1978 champion Mario Andretti scored his only point of the 1980 season at Watkins Glen, close to his hometown in Nazareth, Pennsylvania. Unfortunately, this was to be the last championship Formula One race at the rather isolated Watkins Glen circuit. The corporation running the circuit was heavily in debt and went bankrupt after it could not meet Bernie Ecclestone and FOCA's increased demands, and the circuit was struck from the 1981 season calendar in May of that year and although there were other Grand Prixs that would be run in the United States during the 1980s aside from Long Beach, the United States Grand Prix would not be run again until 1989 on a street circuit in Phoenix, Arizona- and not one of those venues saw the success and longevity that this event had at Watkins Glen.

Human Grand Prix
Jan 24, 2013

by FactsAreUseless
There is some wrong information in that blurb.

George Zimmer
Jun 28, 2008
I definitely would not call Nazareth close to Watkins Glen.
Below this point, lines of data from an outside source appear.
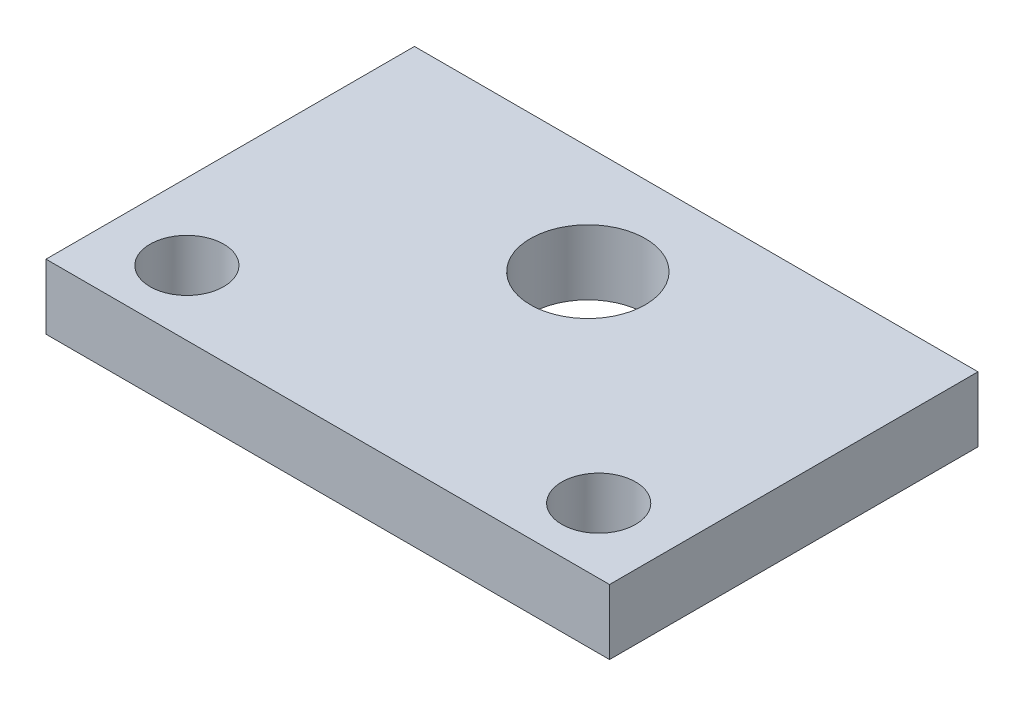
SolidWorks part; units mm, degrees
ref_plane "Front" through (0, 0, 0) normal (0, 0, 1) x (1, 0, 0)
ref_plane "Top" through (0, 0, 0) normal (0, 1, 0) x (1, 0, 0)
ref_plane "Right" through (0, 0, 0) normal (1, 0, 0) x (0, 0, -1)
sketch "Esboço1" plane through (0, 0, 0) normal (0, 1, 0) x (1, 0, 0)
  line L1 (0, 0) -> (26, 0)
  line L2 (0, 0) -> (0, 17)
  line L3 (0, 17) -> (26, 17)
  line L4 (26, 0) -> (26, 17)
  line L5 (0, 0) -> (26, 17) construction
  line L6 (0, 17) -> (26, 0) construction
  circle A1 centre (13, 12) radius 2.65
  point P6 (0, 0)
  point P8 (13, 17)
  point P9 (13, 12)
  dimension "D3" = 12
  dimension "D4" = 5.3
  dimension "D1" = 26
  dimension "D2" = 5
extrude "Ressalto-extrusão1" add sketch "Esboço1" along normal blind 3
sketch "Esboço2" plane through (0, 3, 0) normal (0, 1, 0) x (1, 0, 0)
  line L0 (3.5, 3) -> (22.5, 3) construction
  line L1 (0, 0) -> (26, 0) construction
  circle A0 centre (3.5, 3) radius 1.7
  circle A1 centre (22.5, 3) radius 1.7
  circle A2 centre (13, 12) radius 2.65 construction
  circle A3 centre (13, 12) radius 2.65 construction
  point P7 (0, 0)
  point P8 (13, 3)
  dimension "D1" = 3.4
  dimension "D2" = 19
  dimension "D3" = 3
extrude "Corte-extrusão1" cut sketch "Esboço2" against normal blind 10

It's atleast 3 hours away.

Human Grand Prix
Jan 24, 2013

by FactsAreUseless
It's written by a European most likely, where America consists of New York, Florida, California and Las Vegas.

Theophany
Jul 22, 2014

SUCCHIAMI IL MIO CAZZO DA DIETRO, RANA RAGAZZO



2022 FIA Formula 1 WDC
Indy Cars belting round Watkins flashed up on my twatter feed today. I'm doubling down on my desire for F1 to return under Liberty and if you disagree I give you the same earth-shattering 'gently caress you' I reserve for those who don't think Rouen shouldn't be rebuilt and reinstated. :colbert:

Theophany fucked around with this message at 21:49 on Feb 16, 2017

Human Grand Prix
Jan 24, 2013

by FactsAreUseless
I like the Glen a lot so naturally I don't want the FIA going near it.

Theophany
Jul 22, 2014

SUCCHIAMI IL MIO CAZZO DA DIETRO, RANA RAGAZZO



2022 FIA Formula 1 WDC
Why? Threat of Tilke?

F1DriverQuidenBerg
Jan 19, 2014

Theophany posted:

Why? Threat of Tilke?

Bingo

F1DriverQuidenBerg
Jan 19, 2014

GramCracker posted:

Bold 2017 Prediction: Nando atop the podium at at least one GP

I'd put him down for a couple. It really is starting to sound like Ferrari have completely poo poo the bed and Bottas is going to be garbage so there's some room for him to get up there on occasion.

McMadCow
Jan 19, 2005

With our rifles and grenades and some help from God.

1500quidporsche posted:

I'd put him down for a couple. It really is starting to sound like Ferrari have completely poo poo the bed and Bottas is going to be garbage so there's some room for him to get up there on occasion.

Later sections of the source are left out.